(Beginning of INPUT DATA)

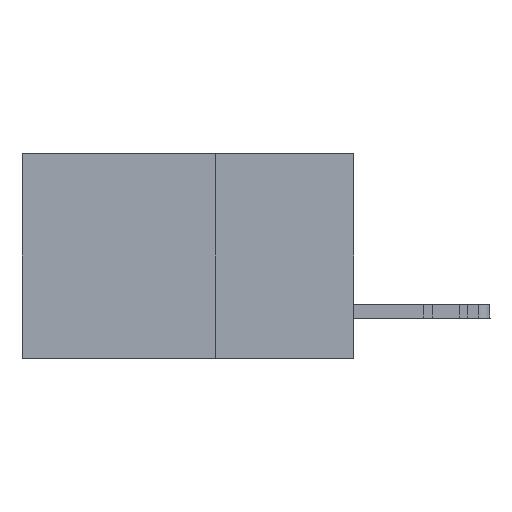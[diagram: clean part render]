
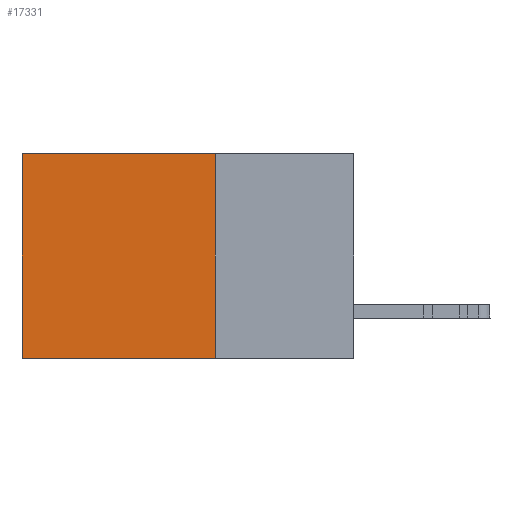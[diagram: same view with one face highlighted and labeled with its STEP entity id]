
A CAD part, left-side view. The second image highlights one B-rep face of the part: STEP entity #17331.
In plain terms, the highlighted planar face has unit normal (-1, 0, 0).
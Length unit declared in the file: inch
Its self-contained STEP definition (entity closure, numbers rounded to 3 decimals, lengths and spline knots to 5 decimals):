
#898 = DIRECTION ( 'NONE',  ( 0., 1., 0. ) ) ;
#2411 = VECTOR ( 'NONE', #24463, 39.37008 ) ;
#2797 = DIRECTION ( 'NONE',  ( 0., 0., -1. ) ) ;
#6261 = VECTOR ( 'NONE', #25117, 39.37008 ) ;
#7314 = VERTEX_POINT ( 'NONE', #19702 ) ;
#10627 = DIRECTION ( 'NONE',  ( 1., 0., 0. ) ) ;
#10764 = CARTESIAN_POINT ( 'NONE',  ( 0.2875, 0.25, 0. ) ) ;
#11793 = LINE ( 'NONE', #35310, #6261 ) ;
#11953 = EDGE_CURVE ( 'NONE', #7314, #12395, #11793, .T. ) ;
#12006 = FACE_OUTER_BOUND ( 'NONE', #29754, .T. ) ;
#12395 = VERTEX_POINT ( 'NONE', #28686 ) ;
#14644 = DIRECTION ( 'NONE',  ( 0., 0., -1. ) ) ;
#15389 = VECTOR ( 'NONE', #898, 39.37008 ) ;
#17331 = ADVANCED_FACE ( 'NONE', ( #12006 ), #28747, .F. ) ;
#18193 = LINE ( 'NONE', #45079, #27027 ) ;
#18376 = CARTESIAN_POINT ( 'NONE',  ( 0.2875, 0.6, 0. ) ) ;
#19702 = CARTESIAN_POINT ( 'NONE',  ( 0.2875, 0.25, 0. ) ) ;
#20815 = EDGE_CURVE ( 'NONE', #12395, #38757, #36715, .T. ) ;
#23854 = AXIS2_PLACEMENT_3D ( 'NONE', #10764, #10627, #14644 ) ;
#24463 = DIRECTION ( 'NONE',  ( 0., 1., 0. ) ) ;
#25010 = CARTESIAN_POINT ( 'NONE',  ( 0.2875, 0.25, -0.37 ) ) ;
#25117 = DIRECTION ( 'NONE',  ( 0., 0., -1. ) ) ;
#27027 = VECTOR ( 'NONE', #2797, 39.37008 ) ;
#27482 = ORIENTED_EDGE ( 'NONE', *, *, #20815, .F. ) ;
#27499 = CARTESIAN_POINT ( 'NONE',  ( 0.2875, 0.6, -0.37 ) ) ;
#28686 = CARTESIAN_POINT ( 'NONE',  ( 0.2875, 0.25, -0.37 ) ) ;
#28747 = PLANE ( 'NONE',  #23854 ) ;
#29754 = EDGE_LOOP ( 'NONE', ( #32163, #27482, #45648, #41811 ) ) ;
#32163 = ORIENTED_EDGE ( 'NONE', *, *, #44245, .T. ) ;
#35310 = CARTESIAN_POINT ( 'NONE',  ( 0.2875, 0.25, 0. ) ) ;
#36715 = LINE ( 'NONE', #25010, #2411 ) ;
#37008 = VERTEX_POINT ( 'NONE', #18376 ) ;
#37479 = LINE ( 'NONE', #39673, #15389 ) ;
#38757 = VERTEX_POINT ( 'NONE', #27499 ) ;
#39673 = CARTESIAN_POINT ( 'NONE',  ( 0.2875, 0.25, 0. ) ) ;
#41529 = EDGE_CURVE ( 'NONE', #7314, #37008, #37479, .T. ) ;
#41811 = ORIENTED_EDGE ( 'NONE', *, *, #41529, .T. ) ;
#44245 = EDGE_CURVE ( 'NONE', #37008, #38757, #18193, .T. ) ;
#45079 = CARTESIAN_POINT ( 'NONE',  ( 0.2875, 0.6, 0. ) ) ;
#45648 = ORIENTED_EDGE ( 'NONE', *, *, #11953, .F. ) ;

(End of INPUT DATA)

• PROMPT:
Only the pictures are to be excluded; all other parts of the records above are to be given exactly.

• EXPECTED ANSWER:
[diagram: clean part render]
[diagram: same view with one face highlighted and labeled with its STEP entity id]
A CAD part, left-side view. The second image highlights one B-rep face of the part: STEP entity #17331.
In plain terms, the highlighted planar face has unit normal (-1, 0, 0).
Length unit declared in the file: inch
Its self-contained STEP definition (entity closure, numbers rounded to 3 decimals, lengths and spline knots to 5 decimals):
#898 = DIRECTION ( 'NONE',  ( 0., 1., 0. ) ) ;
#2411 = VECTOR ( 'NONE', #24463, 39.37008 ) ;
#2797 = DIRECTION ( 'NONE',  ( 0., 0., -1. ) ) ;
#6261 = VECTOR ( 'NONE', #25117, 39.37008 ) ;
#7314 = VERTEX_POINT ( 'NONE', #19702 ) ;
#10627 = DIRECTION ( 'NONE',  ( 1., 0., 0. ) ) ;
#10764 = CARTESIAN_POINT ( 'NONE',  ( 0.2875, 0.25, 0. ) ) ;
#11793 = LINE ( 'NONE', #35310, #6261 ) ;
#11953 = EDGE_CURVE ( 'NONE', #7314, #12395, #11793, .T. ) ;
#12006 = FACE_OUTER_BOUND ( 'NONE', #29754, .T. ) ;
#12395 = VERTEX_POINT ( 'NONE', #28686 ) ;
#14644 = DIRECTION ( 'NONE',  ( 0., 0., -1. ) ) ;
#15389 = VECTOR ( 'NONE', #898, 39.37008 ) ;
#17331 = ADVANCED_FACE ( 'NONE', ( #12006 ), #28747, .F. ) ;
#18193 = LINE ( 'NONE', #45079, #27027 ) ;
#18376 = CARTESIAN_POINT ( 'NONE',  ( 0.2875, 0.6, 0. ) ) ;
#19702 = CARTESIAN_POINT ( 'NONE',  ( 0.2875, 0.25, 0. ) ) ;
#20815 = EDGE_CURVE ( 'NONE', #12395, #38757, #36715, .T. ) ;
#23854 = AXIS2_PLACEMENT_3D ( 'NONE', #10764, #10627, #14644 ) ;
#24463 = DIRECTION ( 'NONE',  ( 0., 1., 0. ) ) ;
#25010 = CARTESIAN_POINT ( 'NONE',  ( 0.2875, 0.25, -0.37 ) ) ;
#25117 = DIRECTION ( 'NONE',  ( 0., 0., -1. ) ) ;
#27027 = VECTOR ( 'NONE', #2797, 39.37008 ) ;
#27482 = ORIENTED_EDGE ( 'NONE', *, *, #20815, .F. ) ;
#27499 = CARTESIAN_POINT ( 'NONE',  ( 0.2875, 0.6, -0.37 ) ) ;
#28686 = CARTESIAN_POINT ( 'NONE',  ( 0.2875, 0.25, -0.37 ) ) ;
#28747 = PLANE ( 'NONE',  #23854 ) ;
#29754 = EDGE_LOOP ( 'NONE', ( #32163, #27482, #45648, #41811 ) ) ;
#32163 = ORIENTED_EDGE ( 'NONE', *, *, #44245, .T. ) ;
#35310 = CARTESIAN_POINT ( 'NONE',  ( 0.2875, 0.25, 0. ) ) ;
#36715 = LINE ( 'NONE', #25010, #2411 ) ;
#37008 = VERTEX_POINT ( 'NONE', #18376 ) ;
#37479 = LINE ( 'NONE', #39673, #15389 ) ;
#38757 = VERTEX_POINT ( 'NONE', #27499 ) ;
#39673 = CARTESIAN_POINT ( 'NONE',  ( 0.2875, 0.25, 0. ) ) ;
#41529 = EDGE_CURVE ( 'NONE', #7314, #37008, #37479, .T. ) ;
#41811 = ORIENTED_EDGE ( 'NONE', *, *, #41529, .T. ) ;
#44245 = EDGE_CURVE ( 'NONE', #37008, #38757, #18193, .T. ) ;
#45079 = CARTESIAN_POINT ( 'NONE',  ( 0.2875, 0.6, 0. ) ) ;
#45648 = ORIENTED_EDGE ( 'NONE', *, *, #11953, .F. ) ;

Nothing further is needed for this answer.